About this exercise:
In the data that follows, find the line with "Tension perturbation/1 -> Divide/1"; transcribe it, every later line up to the one with "Calculs Arduinos3/1(y) ->", and that line as well, exactly and with no others.

════════

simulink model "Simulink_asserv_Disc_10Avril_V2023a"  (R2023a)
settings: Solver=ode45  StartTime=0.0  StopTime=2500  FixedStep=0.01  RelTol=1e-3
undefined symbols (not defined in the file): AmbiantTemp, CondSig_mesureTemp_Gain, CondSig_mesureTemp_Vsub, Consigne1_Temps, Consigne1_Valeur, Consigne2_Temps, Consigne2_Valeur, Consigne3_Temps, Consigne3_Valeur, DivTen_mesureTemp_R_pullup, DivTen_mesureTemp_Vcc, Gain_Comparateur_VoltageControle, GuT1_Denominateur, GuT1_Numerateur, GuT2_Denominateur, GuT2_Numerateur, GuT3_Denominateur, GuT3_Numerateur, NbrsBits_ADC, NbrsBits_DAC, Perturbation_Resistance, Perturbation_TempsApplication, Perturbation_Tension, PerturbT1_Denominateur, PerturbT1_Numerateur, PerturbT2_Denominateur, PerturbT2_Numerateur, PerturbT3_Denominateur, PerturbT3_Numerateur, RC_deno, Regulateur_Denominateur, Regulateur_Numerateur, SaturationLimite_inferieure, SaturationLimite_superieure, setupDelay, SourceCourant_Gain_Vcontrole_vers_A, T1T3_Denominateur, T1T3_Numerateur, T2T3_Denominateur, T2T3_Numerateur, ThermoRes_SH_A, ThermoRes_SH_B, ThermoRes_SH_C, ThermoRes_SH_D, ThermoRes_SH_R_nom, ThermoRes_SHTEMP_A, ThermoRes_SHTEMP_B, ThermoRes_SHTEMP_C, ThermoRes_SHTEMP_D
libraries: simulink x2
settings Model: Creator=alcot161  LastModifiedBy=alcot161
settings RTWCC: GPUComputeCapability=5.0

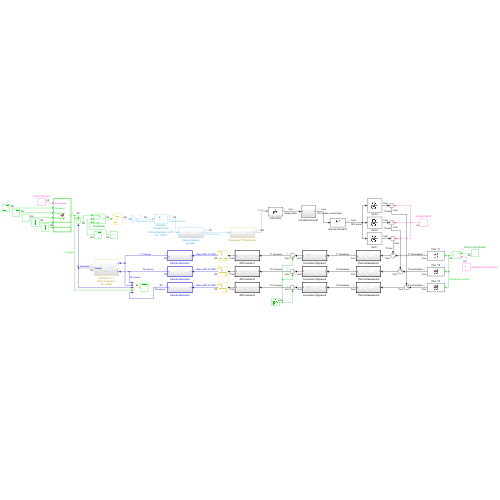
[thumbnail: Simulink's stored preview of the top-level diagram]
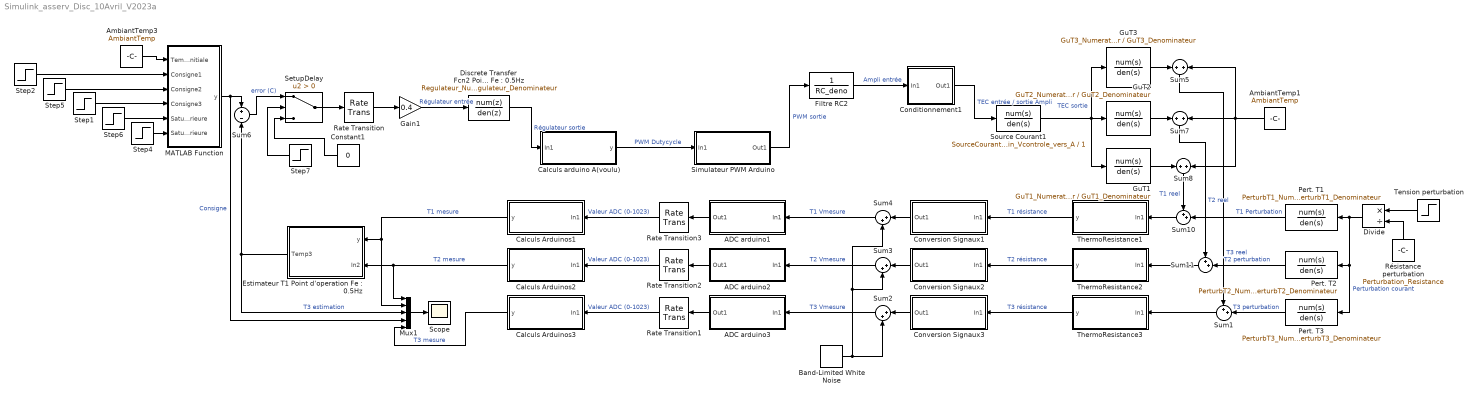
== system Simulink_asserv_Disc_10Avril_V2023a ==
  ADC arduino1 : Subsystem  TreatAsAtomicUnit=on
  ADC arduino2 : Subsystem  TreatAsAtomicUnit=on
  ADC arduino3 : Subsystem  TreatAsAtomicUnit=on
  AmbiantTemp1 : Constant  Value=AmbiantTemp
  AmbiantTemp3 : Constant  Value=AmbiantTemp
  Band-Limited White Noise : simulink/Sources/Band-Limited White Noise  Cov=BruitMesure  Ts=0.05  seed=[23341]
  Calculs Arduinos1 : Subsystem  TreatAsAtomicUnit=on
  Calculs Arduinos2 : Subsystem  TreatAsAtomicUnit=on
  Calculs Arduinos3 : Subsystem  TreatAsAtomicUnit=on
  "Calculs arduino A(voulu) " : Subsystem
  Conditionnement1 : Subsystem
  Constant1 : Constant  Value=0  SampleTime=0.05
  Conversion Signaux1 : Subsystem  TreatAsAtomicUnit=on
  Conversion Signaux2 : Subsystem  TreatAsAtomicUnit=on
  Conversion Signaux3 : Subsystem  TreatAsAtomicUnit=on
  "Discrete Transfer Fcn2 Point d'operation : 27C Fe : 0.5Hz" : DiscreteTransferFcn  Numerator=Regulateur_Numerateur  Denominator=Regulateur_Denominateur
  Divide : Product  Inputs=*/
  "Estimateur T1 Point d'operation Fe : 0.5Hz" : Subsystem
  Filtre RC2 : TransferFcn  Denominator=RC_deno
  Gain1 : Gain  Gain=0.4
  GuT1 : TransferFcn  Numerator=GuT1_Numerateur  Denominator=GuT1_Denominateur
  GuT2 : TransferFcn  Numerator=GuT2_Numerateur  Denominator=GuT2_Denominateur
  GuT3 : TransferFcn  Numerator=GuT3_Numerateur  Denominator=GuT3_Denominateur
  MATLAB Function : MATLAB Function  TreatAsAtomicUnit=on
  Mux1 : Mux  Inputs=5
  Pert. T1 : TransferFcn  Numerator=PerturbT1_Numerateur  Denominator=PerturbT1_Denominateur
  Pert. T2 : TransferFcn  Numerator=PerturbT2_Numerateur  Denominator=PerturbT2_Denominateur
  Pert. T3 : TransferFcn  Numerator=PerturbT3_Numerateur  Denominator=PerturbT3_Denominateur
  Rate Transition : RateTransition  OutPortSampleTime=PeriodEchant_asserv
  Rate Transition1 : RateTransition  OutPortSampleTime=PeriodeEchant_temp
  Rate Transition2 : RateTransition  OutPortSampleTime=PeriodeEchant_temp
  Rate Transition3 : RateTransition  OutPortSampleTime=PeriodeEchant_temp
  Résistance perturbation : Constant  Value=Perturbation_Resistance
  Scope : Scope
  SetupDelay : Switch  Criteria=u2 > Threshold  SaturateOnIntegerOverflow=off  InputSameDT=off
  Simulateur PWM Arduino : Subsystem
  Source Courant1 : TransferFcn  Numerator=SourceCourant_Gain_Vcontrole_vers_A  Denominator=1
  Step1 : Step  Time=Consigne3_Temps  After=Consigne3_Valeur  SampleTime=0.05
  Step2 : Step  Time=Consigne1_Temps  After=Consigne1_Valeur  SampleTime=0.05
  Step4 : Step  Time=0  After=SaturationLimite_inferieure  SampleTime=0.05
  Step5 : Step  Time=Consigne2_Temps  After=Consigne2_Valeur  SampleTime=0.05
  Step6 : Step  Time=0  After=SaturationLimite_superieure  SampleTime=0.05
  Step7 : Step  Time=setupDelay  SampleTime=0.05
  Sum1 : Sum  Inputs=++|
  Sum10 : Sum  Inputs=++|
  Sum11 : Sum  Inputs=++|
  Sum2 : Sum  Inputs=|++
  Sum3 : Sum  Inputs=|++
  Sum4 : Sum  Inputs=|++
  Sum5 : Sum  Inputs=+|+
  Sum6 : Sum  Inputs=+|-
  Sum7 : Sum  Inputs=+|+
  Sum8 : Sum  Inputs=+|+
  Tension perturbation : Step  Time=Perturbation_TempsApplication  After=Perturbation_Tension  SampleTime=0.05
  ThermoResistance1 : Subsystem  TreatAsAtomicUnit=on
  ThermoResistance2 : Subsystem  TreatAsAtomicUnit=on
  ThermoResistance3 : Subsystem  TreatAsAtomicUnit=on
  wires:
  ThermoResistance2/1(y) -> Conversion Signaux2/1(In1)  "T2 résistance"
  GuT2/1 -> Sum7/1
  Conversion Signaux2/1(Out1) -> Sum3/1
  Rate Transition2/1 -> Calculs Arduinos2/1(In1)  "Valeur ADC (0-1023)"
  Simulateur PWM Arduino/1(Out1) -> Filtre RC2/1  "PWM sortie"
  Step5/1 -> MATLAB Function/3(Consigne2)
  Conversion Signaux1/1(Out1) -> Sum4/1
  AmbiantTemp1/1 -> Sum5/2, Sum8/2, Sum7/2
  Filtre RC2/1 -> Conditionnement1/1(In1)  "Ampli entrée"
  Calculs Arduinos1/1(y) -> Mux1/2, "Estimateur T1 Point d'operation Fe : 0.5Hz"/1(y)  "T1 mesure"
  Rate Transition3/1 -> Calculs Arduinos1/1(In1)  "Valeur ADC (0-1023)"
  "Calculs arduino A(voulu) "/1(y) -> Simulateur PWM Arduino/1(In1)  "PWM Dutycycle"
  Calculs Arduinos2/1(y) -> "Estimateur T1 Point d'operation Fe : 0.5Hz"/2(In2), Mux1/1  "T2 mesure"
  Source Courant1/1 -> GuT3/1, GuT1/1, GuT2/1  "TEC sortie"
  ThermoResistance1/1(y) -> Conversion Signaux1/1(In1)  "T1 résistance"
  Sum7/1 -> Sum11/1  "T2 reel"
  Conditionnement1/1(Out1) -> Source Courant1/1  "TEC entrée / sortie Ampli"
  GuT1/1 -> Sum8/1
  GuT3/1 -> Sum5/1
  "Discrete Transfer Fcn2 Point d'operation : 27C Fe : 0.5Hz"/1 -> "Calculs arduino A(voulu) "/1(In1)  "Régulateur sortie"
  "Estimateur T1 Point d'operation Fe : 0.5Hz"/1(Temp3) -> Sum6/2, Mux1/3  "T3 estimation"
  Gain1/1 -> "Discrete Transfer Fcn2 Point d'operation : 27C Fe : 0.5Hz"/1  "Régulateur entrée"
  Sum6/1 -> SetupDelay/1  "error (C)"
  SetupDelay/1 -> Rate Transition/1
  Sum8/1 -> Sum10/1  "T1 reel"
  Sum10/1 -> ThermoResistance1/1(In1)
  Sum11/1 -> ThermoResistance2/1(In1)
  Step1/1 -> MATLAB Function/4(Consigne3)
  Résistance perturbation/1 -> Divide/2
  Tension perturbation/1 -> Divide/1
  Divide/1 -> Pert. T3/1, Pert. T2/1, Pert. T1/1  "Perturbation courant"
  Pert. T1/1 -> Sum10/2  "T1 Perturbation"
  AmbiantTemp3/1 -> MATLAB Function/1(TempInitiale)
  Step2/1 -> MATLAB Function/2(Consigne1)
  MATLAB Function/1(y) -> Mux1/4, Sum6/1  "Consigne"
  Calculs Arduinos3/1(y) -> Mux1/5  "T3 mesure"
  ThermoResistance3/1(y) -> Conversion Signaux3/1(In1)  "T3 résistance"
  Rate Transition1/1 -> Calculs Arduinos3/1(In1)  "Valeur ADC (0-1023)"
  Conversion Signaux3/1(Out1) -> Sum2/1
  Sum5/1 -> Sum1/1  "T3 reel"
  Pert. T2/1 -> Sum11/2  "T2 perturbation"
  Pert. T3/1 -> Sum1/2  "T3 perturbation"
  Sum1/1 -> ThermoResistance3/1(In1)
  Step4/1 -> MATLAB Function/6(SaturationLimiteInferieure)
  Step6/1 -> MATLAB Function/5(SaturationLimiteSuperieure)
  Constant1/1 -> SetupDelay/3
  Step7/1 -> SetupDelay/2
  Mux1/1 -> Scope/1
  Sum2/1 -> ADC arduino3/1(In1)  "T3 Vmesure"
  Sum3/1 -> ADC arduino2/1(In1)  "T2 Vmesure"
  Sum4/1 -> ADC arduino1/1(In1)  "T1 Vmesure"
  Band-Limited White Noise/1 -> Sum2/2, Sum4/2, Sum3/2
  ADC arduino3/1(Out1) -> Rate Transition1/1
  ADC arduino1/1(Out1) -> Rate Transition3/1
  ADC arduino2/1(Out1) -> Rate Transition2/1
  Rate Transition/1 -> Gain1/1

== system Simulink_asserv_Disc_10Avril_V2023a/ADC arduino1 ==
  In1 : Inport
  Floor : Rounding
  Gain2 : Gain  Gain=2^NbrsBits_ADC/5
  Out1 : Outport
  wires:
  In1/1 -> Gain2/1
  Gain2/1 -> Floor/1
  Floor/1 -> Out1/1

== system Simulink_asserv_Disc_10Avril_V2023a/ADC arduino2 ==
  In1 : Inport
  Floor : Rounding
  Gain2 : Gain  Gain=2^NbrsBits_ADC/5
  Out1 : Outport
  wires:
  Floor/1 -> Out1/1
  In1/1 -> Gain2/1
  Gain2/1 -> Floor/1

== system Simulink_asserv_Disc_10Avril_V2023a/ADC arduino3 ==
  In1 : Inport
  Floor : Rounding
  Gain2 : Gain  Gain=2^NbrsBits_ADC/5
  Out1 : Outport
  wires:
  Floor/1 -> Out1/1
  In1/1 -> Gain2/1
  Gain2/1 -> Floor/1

════════

Response to the task:
  Tension perturbation/1 -> Divide/1
  Divide/1 -> Pert. T3/1, Pert. T2/1, Pert. T1/1  "Perturbation courant"
  Pert. T1/1 -> Sum10/2  "T1 Perturbation"
  AmbiantTemp3/1 -> MATLAB Function/1(TempInitiale)
  Step2/1 -> MATLAB Function/2(Consigne1)
  MATLAB Function/1(y) -> Mux1/4, Sum6/1  "Consigne"
  Calculs Arduinos3/1(y) -> Mux1/5  "T3 mesure"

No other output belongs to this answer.